# springcore villagers



## mykaaaaaaaaaaa (Jun 13, 2021)

ive got an empty plot and i just cant think of any springcore villagers! currently wanting bones.. but lmk of some springcore villlagers!


----------



## tiffanistarr (Jun 13, 2021)

Bones would be great! he's so versatile and goes with pretty much every theme.  Who else do you have? I feel like Lolly, Bunnie, Goldie, Fauna, Daisy, Merry, Cally, Willow, Stella, Maddie, or Skye

Those are just ones that I could think off the top of my head, but there are lots more that go with the springcore theme.


----------



## mykaaaaaaaaaaa (Jun 13, 2021)

tiffanistarr said:


> Bones would be great! he's so versatile and goes with pretty much every theme.  Who else do you have? I feel like Lolly, Bunnie, Goldie, Fauna, Daisy, Merry, Cally, Willow, Stella, Maddie, or Skye
> 
> Those are just ones that I could think off the top of my head, but there are lots more that go with the springcore theme.


i have.. Maddie, Tangy, Raymond, Julian (an autofill) , Goldie, Purrl, Lolly, Daisy and Kiki. any ideas for who else? bones is just hard to get lol.


----------



## tiffanistarr (Jun 13, 2021)

mykaaaaaaaaaaa said:


> i have.. Maddie, Tangy, Raymond, Julian (an autofill) , Goldie, Purrl, Lolly, Daisy and Kiki. any ideas for who else? bones is just hard to get lol.



Well, if you're going villager hunting you have the same odds of seeing Bones as any other villagers but some back ups instead of Bones could be Camo Frog, Ellie, Marty if you have the Sanrio cards, a perfect one could be Papi who is also lazy like bones, he's also very adorable. Rudy, Tad, Weber, and Zucker are also very good choices.


----------



## mykaaaaaaaaaaa (Jun 13, 2021)

tiffanistarr said:


> Well, if you're going villager hunting you have the same odds of seeing Bones as any other villagers but some back ups instead of Bones could be Camo Frog, Ellie, Marty if you have the Sanrio cards, a perfect one could be Papi who is also lazy like bones, he's also very adorable. Rudy, Tad, Weber, and Zucker are also very good choices.


thankyou!


----------



## Kattea (Jun 13, 2021)

For Springcore, I think natural villagers like Maple, Melba, Deirdre, Beau, Erik, Fauna, and Lily.


----------



## WaileaNoRei (Jun 13, 2021)

To me sylvana is probably the most springtimey villager I can think of off my he top of my head. (See her house)

Maggie would also be great, she is just the best and her light colors would look good in spring. 

for me a spring theme would need a softer color palette (warmer than winter imo, so more yellows than blues and whites?) to make it distinct from summer, fall, or cottagecore.

I admit that I don’t like YouTube and don’t use social media much, so my understanding of springcore could be flawed.
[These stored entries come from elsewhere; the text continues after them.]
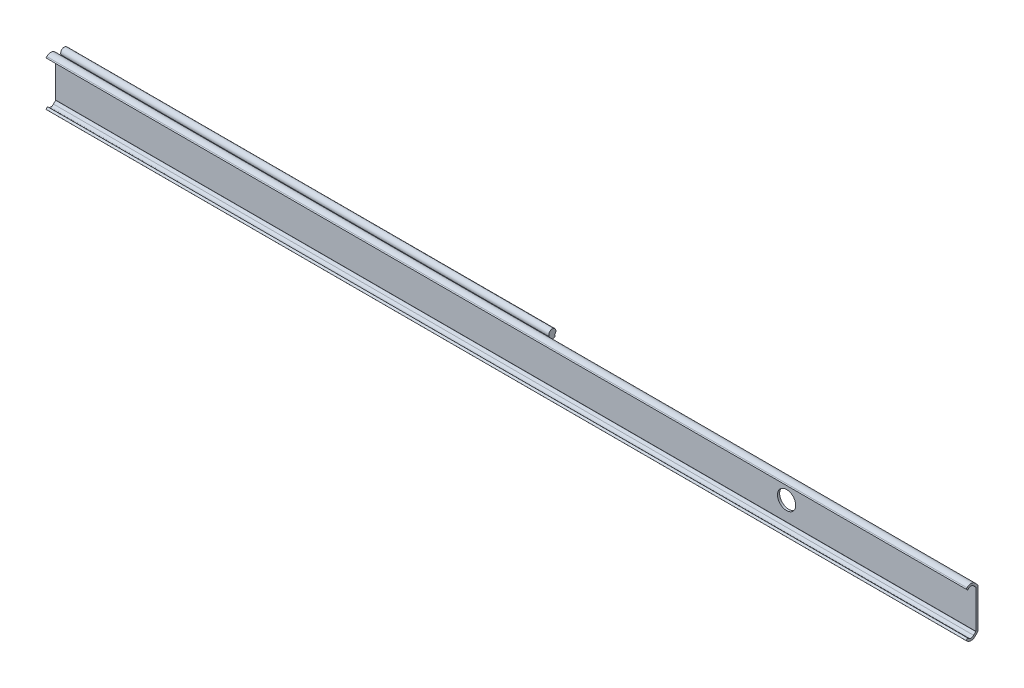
ISO-10303-21;
HEADER;
FILE_DESCRIPTION(('STEP AP214'),'2;1');
FILE_NAME('part.step','',(''),(''),'','','');
FILE_SCHEMA(('AUTOMOTIVE_DESIGN { 1 0 10303 214 1 1 1 1 }'));
ENDSEC;
DATA;
#1=APPLICATION_CONTEXT('core data for automotive mechanical design processes');
#2=APPLICATION_PROTOCOL_DEFINITION('international standard','automotive_design',2000,#1);
#3=PRODUCT_CONTEXT('',#1,'mechanical');
#4=PRODUCT('Part','Part','',(#3));
#5=PRODUCT_RELATED_PRODUCT_CATEGORY('part','',(#4));
#6=PRODUCT_DEFINITION_FORMATION('','',#4);
#7=PRODUCT_DEFINITION_CONTEXT('part definition',#1,'design');
#8=PRODUCT_DEFINITION('design','',#6,#7);
#9=PRODUCT_DEFINITION_SHAPE('','',#8);
#10=(LENGTH_UNIT() NAMED_UNIT(*) SI_UNIT(.MILLI.,.METRE.));
#11=(NAMED_UNIT(*) PLANE_ANGLE_UNIT() SI_UNIT($,.RADIAN.));
#12=(NAMED_UNIT(*) SI_UNIT($,.STERADIAN.) SOLID_ANGLE_UNIT());
#13=UNCERTAINTY_MEASURE_WITH_UNIT(LENGTH_MEASURE(1.E-05),#10,'distance_accuracy_value','');
#14=(GEOMETRIC_REPRESENTATION_CONTEXT(3) GLOBAL_UNCERTAINTY_ASSIGNED_CONTEXT((#13)) GLOBAL_UNIT_ASSIGNED_CONTEXT((#10,
#11,#12)) REPRESENTATION_CONTEXT('',''));
#15=CARTESIAN_POINT('',(0.,0.,0.));
#16=DIRECTION('',(0.,0.,1.));
#17=DIRECTION('',(1.,0.,0.));
#18=AXIS2_PLACEMENT_3D('',#15,#16,#17);
#19=CARTESIAN_POINT('',(0.,-13.561018,0.));
#20=DIRECTION('',(0.,0.,-1.));
#21=DIRECTION('',(1.,0.,0.));
#22=AXIS2_PLACEMENT_3D('',#19,#20,#21);
#23=PLANE('',#22);
#24=CARTESIAN_POINT('',(521.4,0.,0.));
#25=DIRECTION('',(0.,0.,1.));
#26=DIRECTION('',(0.,-1.,0.));
#27=AXIS2_PLACEMENT_3D('',#24,#25,#26);
#28=CIRCLE('',#27,6.5);
#29=CARTESIAN_POINT('',(521.4,-6.5,0.));
#30=VERTEX_POINT('',#29);
#31=EDGE_CURVE('E326',#30,#30,#28,.F.);
#32=ORIENTED_EDGE('',*,*,#31,.F.);
#33=EDGE_LOOP('',(#32));
#34=FACE_BOUND('',#33,.T.);
#35=DIRECTION('',(0.,1.,0.));
#36=VECTOR('',#35,1.);
#37=CARTESIAN_POINT('',(0.,-13.561018,0.));
#38=LINE('',#37,#36);
#39=CARTESIAN_POINT('',(0.,-13.561018,0.));
#40=VERTEX_POINT('',#39);
#41=CARTESIAN_POINT('',(0.,-10.7622239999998,0.));
#42=VERTEX_POINT('',#41);
#43=EDGE_CURVE('E443',#40,#42,#38,.T.);
#44=ORIENTED_EDGE('',*,*,#43,.T.);
#45=DIRECTION('',(1.,0.,0.));
#46=VECTOR('',#45,1.);
#47=CARTESIAN_POINT('',(0.,-10.7622239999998,0.));
#48=LINE('',#47,#46);
#49=CARTESIAN_POINT('',(348.2,-10.7622239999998,0.));
#50=VERTEX_POINT('',#49);
#51=EDGE_CURVE('E9',#42,#50,#48,.T.);
#52=ORIENTED_EDGE('',*,*,#51,.T.);
#53=DIRECTION('',(0.,-1.,0.));
#54=VECTOR('',#53,1.);
#55=CARTESIAN_POINT('',(348.2,10.7622239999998,0.));
#56=LINE('',#55,#54);
#57=CARTESIAN_POINT('',(348.2,10.7622239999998,0.));
#58=VERTEX_POINT('',#57);
#59=EDGE_CURVE('E324',#58,#50,#56,.T.);
#60=ORIENTED_EDGE('',*,*,#59,.F.);
#61=DIRECTION('',(1.,0.,0.));
#62=VECTOR('',#61,1.);
#63=CARTESIAN_POINT('',(0.,10.7622239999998,0.));
#64=LINE('',#63,#62);
#65=CARTESIAN_POINT('',(0.,10.7622239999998,0.));
#66=VERTEX_POINT('',#65);
#67=EDGE_CURVE('E23',#66,#58,#64,.T.);
#68=ORIENTED_EDGE('',*,*,#67,.F.);
#69=CARTESIAN_POINT('',(0.,13.561018,0.));
#70=VERTEX_POINT('',#69);
#71=EDGE_CURVE('E256',#66,#70,#38,.T.);
#72=ORIENTED_EDGE('',*,*,#71,.T.);
#73=DIRECTION('',(1.,0.,0.));
#74=VECTOR('',#73,1.);
#75=CARTESIAN_POINT('',(0.,13.561018,0.));
#76=LINE('',#75,#74);
#77=CARTESIAN_POINT('',(656.4,13.561018,0.));
#78=VERTEX_POINT('',#77);
#79=EDGE_CURVE('E456',#70,#78,#76,.T.);
#80=ORIENTED_EDGE('',*,*,#79,.T.);
#81=DIRECTION('',(0.,1.,0.));
#82=VECTOR('',#81,1.);
#83=CARTESIAN_POINT('',(656.4,-13.561018,0.));
#84=LINE('',#83,#82);
#85=CARTESIAN_POINT('',(656.4,-13.561018,0.));
#86=VERTEX_POINT('',#85);
#87=EDGE_CURVE('E384',#86,#78,#84,.T.);
#88=ORIENTED_EDGE('',*,*,#87,.F.);
#89=DIRECTION('',(1.,0.,0.));
#90=VECTOR('',#89,1.);
#91=CARTESIAN_POINT('',(0.,-13.561018,0.));
#92=LINE('',#91,#90);
#93=EDGE_CURVE('E459',#40,#86,#92,.T.);
#94=ORIENTED_EDGE('',*,*,#93,.F.);
#95=EDGE_LOOP('',(#44,#52,#60,#68,#72,#80,#88,#94));
#96=FACE_BOUND('',#95,.T.);
#97=ADVANCED_FACE('F14',(#34,#96),#23,.T.);
#98=CARTESIAN_POINT('',(0.,-11.8784795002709,-5.98462837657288));
#99=DIRECTION('',(0.,-0.60181512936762,-0.798635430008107));
#100=DIRECTION('',(0.,0.798635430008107,-0.60181512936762));
#101=AXIS2_PLACEMENT_3D('',#98,#99,#100);
#102=PLANE('',#101);
#103=DIRECTION('',(0.,0.798635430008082,-0.601815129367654));
#104=VECTOR('',#103,1.);
#105=CARTESIAN_POINT('',(348.2,-11.8784795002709,-5.98462837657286));
#106=LINE('',#105,#104);
#107=CARTESIAN_POINT('',(348.2,-11.6159967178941,-6.18242339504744));
#108=VERTEX_POINT('',#107);
#109=CARTESIAN_POINT('',(348.2,-11.0618539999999,-6.6));
#110=VERTEX_POINT('',#109);
#111=EDGE_CURVE('E304',#108,#110,#106,.T.);
#112=ORIENTED_EDGE('',*,*,#111,.F.);
#113=DIRECTION('',(1.,0.,0.));
#114=VECTOR('',#113,1.);
#115=CARTESIAN_POINT('',(0.,-11.6159967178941,-6.18242339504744));
#116=LINE('',#115,#114);
#117=CARTESIAN_POINT('',(0.,-11.6159967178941,-6.18242339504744));
#118=VERTEX_POINT('',#117);
#119=EDGE_CURVE('E299',#118,#108,#116,.T.);
#120=ORIENTED_EDGE('',*,*,#119,.F.);
#121=DIRECTION('',(0.,0.798635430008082,-0.601815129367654));
#122=VECTOR('',#121,1.);
#123=CARTESIAN_POINT('',(0.,-11.6159967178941,-6.18242339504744));
#124=LINE('',#123,#122);
#125=CARTESIAN_POINT('',(0.,-11.0618539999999,-6.6));
#126=VERTEX_POINT('',#125);
#127=EDGE_CURVE('E271',#118,#126,#124,.T.);
#128=ORIENTED_EDGE('',*,*,#127,.T.);
#129=DIRECTION('',(1.,0.,0.));
#130=VECTOR('',#129,1.);
#131=CARTESIAN_POINT('',(0.,-11.0618539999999,-6.6));
#132=LINE('',#131,#130);
#133=EDGE_CURVE('E18',#126,#110,#132,.T.);
#134=ORIENTED_EDGE('',*,*,#133,.T.);
#135=EDGE_LOOP('',(#112,#120,#128,#134));
#136=FACE_BOUND('',#135,.T.);
#137=ADVANCED_FACE('F16',(#136),#102,.T.);
#138=CARTESIAN_POINT('',(0.,-11.0618539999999,-6.6));
#139=DIRECTION('',(0.,0.,-1.));
#140=DIRECTION('',(1.,0.,0.));
#141=AXIS2_PLACEMENT_3D('',#138,#139,#140);
#142=PLANE('',#141);
#143=DIRECTION('',(1.,0.,0.));
#144=VECTOR('',#143,1.);
#145=CARTESIAN_POINT('',(0.,-10.4239399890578,-6.6));
#146=LINE('',#145,#144);
#147=CARTESIAN_POINT('',(0.,-10.4239399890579,-6.6));
#148=VERTEX_POINT('',#147);
#149=CARTESIAN_POINT('',(348.2,-10.4239399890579,-6.6));
#150=VERTEX_POINT('',#149);
#151=EDGE_CURVE('E509',#148,#150,#146,.T.);
#152=ORIENTED_EDGE('',*,*,#151,.T.);
#153=DIRECTION('',(0.,1.,0.));
#154=VECTOR('',#153,1.);
#155=CARTESIAN_POINT('',(348.2,-11.0618539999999,-6.6));
#156=LINE('',#155,#154);
#157=EDGE_CURVE('E306',#110,#150,#156,.T.);
#158=ORIENTED_EDGE('',*,*,#157,.F.);
#159=ORIENTED_EDGE('',*,*,#133,.F.);
#160=DIRECTION('',(0.,1.,0.));
#161=VECTOR('',#160,1.);
#162=CARTESIAN_POINT('',(0.,-11.0618539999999,-6.6));
#163=LINE('',#162,#161);
#164=EDGE_CURVE('E274',#126,#148,#163,.T.);
#165=ORIENTED_EDGE('',*,*,#164,.T.);
#166=EDGE_LOOP('',(#152,#158,#159,#165));
#167=FACE_BOUND('',#166,.T.);
#168=ADVANCED_FACE('F518',(#167),#142,.T.);
#169=CARTESIAN_POINT('',(0.,-13.915,-4.44999999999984));
#170=DIRECTION('',(1.,0.,0.));
#171=DIRECTION('',(0.,0.,1.));
#172=AXIS2_PLACEMENT_3D('',#169,#170,#171);
#173=CYLINDRICAL_SURFACE('',#172,4.1);
#174=DIRECTION('',(1.,0.,0.));
#175=VECTOR('',#174,1.);
#176=CARTESIAN_POINT('',(0.,-10.8444026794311,-1.73312089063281));
#177=LINE('',#176,#175);
#178=CARTESIAN_POINT('',(0.,-10.8444026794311,-1.73312089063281));
#179=VERTEX_POINT('',#178);
#180=CARTESIAN_POINT('',(348.2,-10.8444026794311,-1.73312089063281));
#181=VERTEX_POINT('',#180);
#182=EDGE_CURVE('E507',#179,#181,#177,.T.);
#183=ORIENTED_EDGE('',*,*,#182,.T.);
#184=CARTESIAN_POINT('',(348.2,-13.915,-4.44999999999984));
#185=DIRECTION('',(1.,0.,0.));
#186=DIRECTION('',(0.,0.,1.));
#187=AXIS2_PLACEMENT_3D('',#184,#185,#186);
#188=CIRCLE('',#187,4.1);
#189=EDGE_CURVE('E308',#150,#181,#188,.T.);
#190=ORIENTED_EDGE('',*,*,#189,.F.);
#191=ORIENTED_EDGE('',*,*,#151,.F.);
#192=CARTESIAN_POINT('',(0.,-13.915,-4.44999999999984));
#193=DIRECTION('',(1.,0.,0.));
#194=DIRECTION('',(0.,0.,1.));
#195=AXIS2_PLACEMENT_3D('',#192,#193,#194);
#196=CIRCLE('',#195,4.1);
#197=EDGE_CURVE('E277',#148,#179,#196,.T.);
#198=ORIENTED_EDGE('',*,*,#197,.T.);
#199=EDGE_LOOP('',(#183,#190,#191,#198));
#200=FACE_BOUND('',#199,.T.);
#201=ADVANCED_FACE('F524',(#200),#173,.T.);
#202=CARTESIAN_POINT('',(0.,-10.7622239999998,-1.66));
#203=DIRECTION('',(1.,0.,0.));
#204=DIRECTION('',(0.,0.,1.));
#205=AXIS2_PLACEMENT_3D('',#202,#203,#204);
#206=CYLINDRICAL_SURFACE('',#205,0.110000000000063);
#207=DIRECTION('',(1.,0.,0.));
#208=VECTOR('',#207,1.);
#209=CARTESIAN_POINT('',(0.,-10.7622239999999,-1.54999999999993));
#210=LINE('',#209,#208);
#211=CARTESIAN_POINT('',(0.,-10.7622239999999,-1.54999999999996));
#212=VERTEX_POINT('',#211);
#213=CARTESIAN_POINT('',(348.2,-10.7622239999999,-1.54999999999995));
#214=VERTEX_POINT('',#213);
#215=EDGE_CURVE('E504',#212,#214,#210,.T.);
#216=ORIENTED_EDGE('',*,*,#215,.T.);
#217=CARTESIAN_POINT('',(348.2,-10.7622239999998,-1.66));
#218=DIRECTION('',(-1.,0.,0.));
#219=DIRECTION('',(0.,0.,1.));
#220=AXIS2_PLACEMENT_3D('',#217,#218,#219);
#221=CIRCLE('',#220,0.110000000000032);
#222=EDGE_CURVE('E310',#181,#214,#221,.T.);
#223=ORIENTED_EDGE('',*,*,#222,.F.);
#224=ORIENTED_EDGE('',*,*,#182,.F.);
#225=CARTESIAN_POINT('',(0.,-10.7622239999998,-1.66));
#226=DIRECTION('',(-1.,0.,0.));
#227=DIRECTION('',(0.,0.,1.));
#228=AXIS2_PLACEMENT_3D('',#225,#226,#227);
#229=CIRCLE('',#228,0.110000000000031);
#230=EDGE_CURVE('E280',#179,#212,#229,.T.);
#231=ORIENTED_EDGE('',*,*,#230,.T.);
#232=EDGE_LOOP('',(#216,#223,#224,#231));
#233=FACE_BOUND('',#232,.T.);
#234=ADVANCED_FACE('F531',(#233),#206,.F.);
#235=CARTESIAN_POINT('',(0.,10.7622239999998,-1.66));
#236=DIRECTION('',(1.,0.,0.));
#237=DIRECTION('',(0.,0.,1.));
#238=AXIS2_PLACEMENT_3D('',#235,#236,#237);
#239=CYLINDRICAL_SURFACE('',#238,0.110000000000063);
#240=DIRECTION('',(1.,0.,0.));
#241=VECTOR('',#240,1.);
#242=CARTESIAN_POINT('',(0.,10.8444026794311,-1.73312089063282));
#243=LINE('',#242,#241);
#244=CARTESIAN_POINT('',(0.,10.8444026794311,-1.73312089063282));
#245=VERTEX_POINT('',#244);
#246=CARTESIAN_POINT('',(348.2,10.8444026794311,-1.73312089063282));
#247=VERTEX_POINT('',#246);
#248=EDGE_CURVE('E498',#245,#247,#243,.T.);
#249=ORIENTED_EDGE('',*,*,#248,.T.);
#250=CARTESIAN_POINT('',(348.2,10.7622239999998,-1.66));
#251=DIRECTION('',(-1.,0.,0.));
#252=DIRECTION('',(0.,0.,1.));
#253=AXIS2_PLACEMENT_3D('',#250,#251,#252);
#254=CIRCLE('',#253,0.110000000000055);
#255=CARTESIAN_POINT('',(348.2,10.7622239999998,-1.54999999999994));
#256=VERTEX_POINT('',#255);
#257=EDGE_CURVE('E314',#256,#247,#254,.T.);
#258=ORIENTED_EDGE('',*,*,#257,.F.);
#259=DIRECTION('',(1.,0.,0.));
#260=VECTOR('',#259,1.);
#261=CARTESIAN_POINT('',(0.,10.7622239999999,-1.54999999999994));
#262=LINE('',#261,#260);
#263=CARTESIAN_POINT('',(0.,10.7622239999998,-1.54999999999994));
#264=VERTEX_POINT('',#263);
#265=EDGE_CURVE('E501',#264,#256,#262,.T.);
#266=ORIENTED_EDGE('',*,*,#265,.F.);
#267=CARTESIAN_POINT('',(0.,10.7622239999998,-1.66));
#268=DIRECTION('',(-1.,0.,0.));
#269=DIRECTION('',(0.,0.,1.));
#270=AXIS2_PLACEMENT_3D('',#267,#268,#269);
#271=CIRCLE('',#270,0.110000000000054);
#272=EDGE_CURVE('E286',#264,#245,#271,.T.);
#273=ORIENTED_EDGE('',*,*,#272,.T.);
#274=EDGE_LOOP('',(#249,#258,#266,#273));
#275=FACE_BOUND('',#274,.T.);
#276=ADVANCED_FACE('F538',(#275),#239,.F.);
#277=CARTESIAN_POINT('',(0.,13.915,-4.44999999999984));
#278=DIRECTION('',(1.,0.,0.));
#279=DIRECTION('',(0.,0.,1.));
#280=AXIS2_PLACEMENT_3D('',#277,#278,#279);
#281=CYLINDRICAL_SURFACE('',#280,4.1);
#282=DIRECTION('',(1.,0.,0.));
#283=VECTOR('',#282,1.);
#284=CARTESIAN_POINT('',(0.,10.4239399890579,-6.59999999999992));
#285=LINE('',#284,#283);
#286=CARTESIAN_POINT('',(0.,10.4239399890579,-6.59999999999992));
#287=VERTEX_POINT('',#286);
#288=CARTESIAN_POINT('',(348.2,10.4239399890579,-6.59999999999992));
#289=VERTEX_POINT('',#288);
#290=EDGE_CURVE('E495',#287,#289,#285,.T.);
#291=ORIENTED_EDGE('',*,*,#290,.T.);
#292=CARTESIAN_POINT('',(348.2,13.915,-4.44999999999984));
#293=DIRECTION('',(1.,0.,0.));
#294=DIRECTION('',(0.,0.,1.));
#295=AXIS2_PLACEMENT_3D('',#292,#293,#294);
#296=CIRCLE('',#295,4.09999999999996);
#297=EDGE_CURVE('E316',#247,#289,#296,.T.);
#298=ORIENTED_EDGE('',*,*,#297,.F.);
#299=ORIENTED_EDGE('',*,*,#248,.F.);
#300=CARTESIAN_POINT('',(0.,13.915,-4.44999999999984));
#301=DIRECTION('',(1.,0.,0.));
#302=DIRECTION('',(0.,0.,1.));
#303=AXIS2_PLACEMENT_3D('',#300,#301,#302);
#304=CIRCLE('',#303,4.1);
#305=EDGE_CURVE('E289',#245,#287,#304,.T.);
#306=ORIENTED_EDGE('',*,*,#305,.T.);
#307=EDGE_LOOP('',(#291,#298,#299,#306));
#308=FACE_BOUND('',#307,.T.);
#309=ADVANCED_FACE('F543',(#308),#281,.T.);
#310=CARTESIAN_POINT('',(0.,11.0618539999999,-6.6));
#311=DIRECTION('',(0.,0.,-1.));
#312=DIRECTION('',(1.,0.,0.));
#313=AXIS2_PLACEMENT_3D('',#310,#311,#312);
#314=PLANE('',#313);
#315=DIRECTION('',(1.,0.,0.));
#316=VECTOR('',#315,1.);
#317=CARTESIAN_POINT('',(0.,11.0618539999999,-6.6));
#318=LINE('',#317,#316);
#319=CARTESIAN_POINT('',(0.,11.0618539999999,-6.6));
#320=VERTEX_POINT('',#319);
#321=CARTESIAN_POINT('',(348.2,11.0618539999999,-6.6));
#322=VERTEX_POINT('',#321);
#323=EDGE_CURVE('E336',#320,#322,#318,.T.);
#324=ORIENTED_EDGE('',*,*,#323,.T.);
#325=DIRECTION('',(0.,1.,-1.2645065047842E-13));
#326=VECTOR('',#325,1.);
#327=CARTESIAN_POINT('',(348.2,10.4239399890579,-6.59999999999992));
#328=LINE('',#327,#326);
#329=EDGE_CURVE('E318',#289,#322,#328,.T.);
#330=ORIENTED_EDGE('',*,*,#329,.F.);
#331=ORIENTED_EDGE('',*,*,#290,.F.);
#332=DIRECTION('',(0.,1.,-1.2645065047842E-13));
#333=VECTOR('',#332,1.);
#334=CARTESIAN_POINT('',(0.,10.4239399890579,-6.59999999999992));
#335=LINE('',#334,#333);
#336=EDGE_CURVE('E292',#287,#320,#335,.T.);
#337=ORIENTED_EDGE('',*,*,#336,.T.);
#338=EDGE_LOOP('',(#324,#330,#331,#337));
#339=FACE_BOUND('',#338,.T.);
#340=ADVANCED_FACE('F545',(#339),#314,.T.);
#341=CARTESIAN_POINT('',(0.,11.8784795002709,-5.98462837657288));
#342=DIRECTION('',(0.,0.60181512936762,-0.798635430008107));
#343=DIRECTION('',(0.,0.798635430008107,0.60181512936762));
#344=AXIS2_PLACEMENT_3D('',#341,#342,#343);
#345=PLANE('',#344);
#346=DIRECTION('',(1.,0.,0.));
#347=VECTOR('',#346,1.);
#348=CARTESIAN_POINT('',(0.,11.6159967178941,-6.18242339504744));
#349=LINE('',#348,#347);
#350=CARTESIAN_POINT('',(0.,11.6159967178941,-6.18242339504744));
#351=VERTEX_POINT('',#350);
#352=CARTESIAN_POINT('',(348.2,11.6159967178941,-6.18242339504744));
#353=VERTEX_POINT('',#352);
#354=EDGE_CURVE('E260',#351,#353,#349,.T.);
#355=ORIENTED_EDGE('',*,*,#354,.T.);
#356=DIRECTION('',(0.,0.798635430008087,0.601815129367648));
#357=VECTOR('',#356,1.);
#358=CARTESIAN_POINT('',(348.2,11.0618539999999,-6.6));
#359=LINE('',#358,#357);
#360=EDGE_CURVE('E320',#322,#353,#359,.T.);
#361=ORIENTED_EDGE('',*,*,#360,.F.);
#362=ORIENTED_EDGE('',*,*,#323,.F.);
#363=DIRECTION('',(0.,0.798635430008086,0.601815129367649));
#364=VECTOR('',#363,1.);
#365=CARTESIAN_POINT('',(0.,11.0618539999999,-6.6));
#366=LINE('',#365,#364);
#367=EDGE_CURVE('E247',#320,#351,#366,.T.);
#368=ORIENTED_EDGE('',*,*,#367,.T.);
#369=EDGE_LOOP('',(#355,#361,#362,#368));
#370=FACE_BOUND('',#369,.T.);
#371=ADVANCED_FACE('F547',(#370),#345,.T.);
#372=CARTESIAN_POINT('',(0.,10.7622239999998,-1.66));
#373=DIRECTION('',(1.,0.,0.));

in terms of deer, fauna seems the most spring to me, since she has spots like a baby deer, if her color palette is not too dark for your theme.

i think pinky would look nice, her house would look gorgeous in spring.

Annalisa would look nice in spring too.

Joey maybe, because he is a baby duck?

and then, scrolling through the whole list I’d say off the top of my head: Alice, gala, Goldie, lily, merry, midge, Norma, Rosie, Tammy, tipper, all look like they would fit.


----------



## AccfSally (Jun 13, 2021)

Sylvana and Cally's houses are a spring-theme.

Sylvana's house is Cherry blossom theme. 



Spoiler: Sylvana's room










Cally's house looks like this (not my Cally's house): 



Spoiler: Pic








 and also the exterior of her house is a pretty spring-like green color.




Both their hobbies is Nature, which I think is perfect.


----------